Begin at the line below that has "LINE2, RST, VPP" and stop after the line that has "- J1: renamed". Please restate only those lines, word for word.

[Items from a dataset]
· · ·

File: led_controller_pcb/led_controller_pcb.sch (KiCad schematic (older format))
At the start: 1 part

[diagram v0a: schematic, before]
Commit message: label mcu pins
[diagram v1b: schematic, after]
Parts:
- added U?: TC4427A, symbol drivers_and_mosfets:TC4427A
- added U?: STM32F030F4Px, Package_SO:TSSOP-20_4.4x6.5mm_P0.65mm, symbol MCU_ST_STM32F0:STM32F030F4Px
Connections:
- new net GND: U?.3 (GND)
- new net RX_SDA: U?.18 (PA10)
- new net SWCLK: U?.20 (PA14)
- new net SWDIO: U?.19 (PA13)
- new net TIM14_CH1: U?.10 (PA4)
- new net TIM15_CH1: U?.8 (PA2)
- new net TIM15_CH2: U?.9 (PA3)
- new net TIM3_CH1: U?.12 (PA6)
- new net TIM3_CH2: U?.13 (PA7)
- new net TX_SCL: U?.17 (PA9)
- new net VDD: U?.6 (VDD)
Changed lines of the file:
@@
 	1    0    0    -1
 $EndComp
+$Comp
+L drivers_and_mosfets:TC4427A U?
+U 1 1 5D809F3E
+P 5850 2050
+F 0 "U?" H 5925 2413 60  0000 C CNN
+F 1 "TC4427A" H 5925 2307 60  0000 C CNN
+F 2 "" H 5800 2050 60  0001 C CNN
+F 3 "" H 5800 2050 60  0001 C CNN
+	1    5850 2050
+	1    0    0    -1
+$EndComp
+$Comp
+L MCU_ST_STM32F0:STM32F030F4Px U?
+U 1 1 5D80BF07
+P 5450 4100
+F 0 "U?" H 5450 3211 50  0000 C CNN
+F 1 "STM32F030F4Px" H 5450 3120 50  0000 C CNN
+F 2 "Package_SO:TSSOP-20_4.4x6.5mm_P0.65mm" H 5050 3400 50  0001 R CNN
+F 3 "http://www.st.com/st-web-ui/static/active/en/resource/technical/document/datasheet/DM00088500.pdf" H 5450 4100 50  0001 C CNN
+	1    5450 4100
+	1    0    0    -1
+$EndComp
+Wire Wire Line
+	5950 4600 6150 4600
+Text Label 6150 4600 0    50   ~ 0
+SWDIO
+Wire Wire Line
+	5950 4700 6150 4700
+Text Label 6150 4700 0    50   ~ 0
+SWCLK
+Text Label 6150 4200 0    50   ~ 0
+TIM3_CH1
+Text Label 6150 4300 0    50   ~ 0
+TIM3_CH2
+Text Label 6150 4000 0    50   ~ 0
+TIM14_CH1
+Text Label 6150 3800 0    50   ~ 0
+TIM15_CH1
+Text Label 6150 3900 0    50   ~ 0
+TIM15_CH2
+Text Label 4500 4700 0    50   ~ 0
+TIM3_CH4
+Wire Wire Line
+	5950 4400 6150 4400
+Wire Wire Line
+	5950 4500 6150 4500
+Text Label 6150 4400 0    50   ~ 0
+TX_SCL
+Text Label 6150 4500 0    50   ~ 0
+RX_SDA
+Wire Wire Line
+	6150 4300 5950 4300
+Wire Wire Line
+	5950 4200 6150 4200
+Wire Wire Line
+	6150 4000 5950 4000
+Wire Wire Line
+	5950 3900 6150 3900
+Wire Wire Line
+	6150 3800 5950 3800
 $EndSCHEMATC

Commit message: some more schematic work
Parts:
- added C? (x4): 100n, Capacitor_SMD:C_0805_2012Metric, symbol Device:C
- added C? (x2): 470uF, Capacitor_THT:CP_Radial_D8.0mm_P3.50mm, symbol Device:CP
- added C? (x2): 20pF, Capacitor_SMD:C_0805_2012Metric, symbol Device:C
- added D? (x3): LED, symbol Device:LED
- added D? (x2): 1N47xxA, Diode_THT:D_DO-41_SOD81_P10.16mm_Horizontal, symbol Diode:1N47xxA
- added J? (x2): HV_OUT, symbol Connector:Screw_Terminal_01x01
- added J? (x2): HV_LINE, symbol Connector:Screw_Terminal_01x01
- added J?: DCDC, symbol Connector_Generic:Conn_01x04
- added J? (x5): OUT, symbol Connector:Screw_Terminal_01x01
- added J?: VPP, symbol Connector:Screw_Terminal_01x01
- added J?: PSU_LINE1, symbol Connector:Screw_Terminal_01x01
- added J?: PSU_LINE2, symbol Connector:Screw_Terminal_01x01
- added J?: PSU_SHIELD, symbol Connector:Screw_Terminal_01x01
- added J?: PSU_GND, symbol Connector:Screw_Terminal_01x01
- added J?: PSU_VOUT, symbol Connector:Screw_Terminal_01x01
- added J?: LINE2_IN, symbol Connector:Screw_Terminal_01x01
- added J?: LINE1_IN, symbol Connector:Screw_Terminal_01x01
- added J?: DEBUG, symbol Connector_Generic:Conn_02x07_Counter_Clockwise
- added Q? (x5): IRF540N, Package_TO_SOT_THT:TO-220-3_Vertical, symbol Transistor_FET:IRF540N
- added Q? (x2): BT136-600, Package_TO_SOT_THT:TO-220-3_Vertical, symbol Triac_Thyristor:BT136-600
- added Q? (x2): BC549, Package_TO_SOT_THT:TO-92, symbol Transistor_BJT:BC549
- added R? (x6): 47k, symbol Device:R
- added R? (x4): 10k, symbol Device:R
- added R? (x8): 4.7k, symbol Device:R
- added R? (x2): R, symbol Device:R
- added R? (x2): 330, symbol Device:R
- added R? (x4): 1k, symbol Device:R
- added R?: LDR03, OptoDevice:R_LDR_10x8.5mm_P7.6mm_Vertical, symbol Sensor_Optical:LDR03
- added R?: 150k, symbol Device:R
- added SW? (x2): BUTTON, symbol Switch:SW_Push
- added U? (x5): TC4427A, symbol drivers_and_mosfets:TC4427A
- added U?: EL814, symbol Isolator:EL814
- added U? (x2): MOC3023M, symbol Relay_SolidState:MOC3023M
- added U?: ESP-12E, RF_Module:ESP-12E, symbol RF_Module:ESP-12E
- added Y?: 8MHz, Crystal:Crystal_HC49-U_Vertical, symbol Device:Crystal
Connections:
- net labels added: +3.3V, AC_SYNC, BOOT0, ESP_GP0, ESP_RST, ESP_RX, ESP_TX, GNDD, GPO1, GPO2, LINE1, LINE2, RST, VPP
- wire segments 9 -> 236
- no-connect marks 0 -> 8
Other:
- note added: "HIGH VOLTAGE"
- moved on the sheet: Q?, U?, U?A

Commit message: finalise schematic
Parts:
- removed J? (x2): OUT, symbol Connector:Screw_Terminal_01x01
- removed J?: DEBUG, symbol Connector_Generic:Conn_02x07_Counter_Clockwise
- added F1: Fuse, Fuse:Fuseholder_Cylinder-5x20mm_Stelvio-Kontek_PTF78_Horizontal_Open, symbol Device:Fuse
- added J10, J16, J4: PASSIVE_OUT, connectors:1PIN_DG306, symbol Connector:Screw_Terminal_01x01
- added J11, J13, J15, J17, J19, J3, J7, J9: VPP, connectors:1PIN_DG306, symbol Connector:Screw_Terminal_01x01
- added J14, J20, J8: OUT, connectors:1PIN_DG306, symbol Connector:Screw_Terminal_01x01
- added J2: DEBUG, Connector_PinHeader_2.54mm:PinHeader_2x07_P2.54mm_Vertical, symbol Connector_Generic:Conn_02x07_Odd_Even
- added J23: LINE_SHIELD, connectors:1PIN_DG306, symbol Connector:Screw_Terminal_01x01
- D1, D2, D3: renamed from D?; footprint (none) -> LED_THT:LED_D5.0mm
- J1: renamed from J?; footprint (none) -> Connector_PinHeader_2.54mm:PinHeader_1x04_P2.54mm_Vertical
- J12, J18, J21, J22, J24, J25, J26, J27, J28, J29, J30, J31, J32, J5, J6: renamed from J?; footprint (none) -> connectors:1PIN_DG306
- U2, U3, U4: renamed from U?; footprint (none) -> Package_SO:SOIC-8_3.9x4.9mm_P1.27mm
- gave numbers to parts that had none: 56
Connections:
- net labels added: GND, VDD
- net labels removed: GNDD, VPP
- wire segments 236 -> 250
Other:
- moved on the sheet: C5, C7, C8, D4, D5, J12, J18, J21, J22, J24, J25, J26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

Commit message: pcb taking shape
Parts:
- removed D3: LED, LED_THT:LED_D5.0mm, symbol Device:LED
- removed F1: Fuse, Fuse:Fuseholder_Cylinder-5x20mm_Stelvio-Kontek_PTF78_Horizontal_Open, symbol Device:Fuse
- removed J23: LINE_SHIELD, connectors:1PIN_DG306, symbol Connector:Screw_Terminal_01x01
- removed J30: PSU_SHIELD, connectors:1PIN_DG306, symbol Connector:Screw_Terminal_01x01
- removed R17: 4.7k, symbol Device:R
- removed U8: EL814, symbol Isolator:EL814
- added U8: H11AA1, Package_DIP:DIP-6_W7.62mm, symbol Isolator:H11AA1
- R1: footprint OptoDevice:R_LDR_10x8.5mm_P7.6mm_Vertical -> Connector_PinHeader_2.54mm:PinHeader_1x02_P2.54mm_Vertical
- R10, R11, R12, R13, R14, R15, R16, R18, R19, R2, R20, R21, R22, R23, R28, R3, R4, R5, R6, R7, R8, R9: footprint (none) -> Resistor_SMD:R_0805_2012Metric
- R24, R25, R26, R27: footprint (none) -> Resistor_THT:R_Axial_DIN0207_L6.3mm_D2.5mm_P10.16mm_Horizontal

· · ·

• Response area:
- net labels added: +3.3V, AC_SYNC, BOOT0, ESP_GP0, ESP_RST, ESP_RX, ESP_TX, GNDD, GPO1, GPO2, LINE1, LINE2, RST, VPP
- wire segments 9 -> 236
- no-connect marks 0 -> 8
Other:
- note added: "HIGH VOLTAGE"
- moved on the sheet: Q?, U?, U?A

Commit message: finalise schematic
Parts:
- removed J? (x2): OUT, symbol Connector:Screw_Terminal_01x01
- removed J?: DEBUG, symbol Connector_Generic:Conn_02x07_Counter_Clockwise
- added F1: Fuse, Fuse:Fuseholder_Cylinder-5x20mm_Stelvio-Kontek_PTF78_Horizontal_Open, symbol Device:Fuse
- added J10, J16, J4: PASSIVE_OUT, connectors:1PIN_DG306, symbol Connector:Screw_Terminal_01x01
- added J11, J13, J15, J17, J19, J3, J7, J9: VPP, connectors:1PIN_DG306, symbol Connector:Screw_Terminal_01x01
- added J14, J20, J8: OUT, connectors:1PIN_DG306, symbol Connector:Screw_Terminal_01x01
- added J2: DEBUG, Connector_PinHeader_2.54mm:PinHeader_2x07_P2.54mm_Vertical, symbol Connector_Generic:Conn_02x07_Odd_Even
- added J23: LINE_SHIELD, connectors:1PIN_DG306, symbol Connector:Screw_Terminal_01x01
- D1, D2, D3: renamed from D?; footprint (none) -> LED_THT:LED_D5.0mm
- J1: renamed from J?; footprint (none) -> Connector_PinHeader_2.54mm:PinHeader_1x04_P2.54mm_Vertical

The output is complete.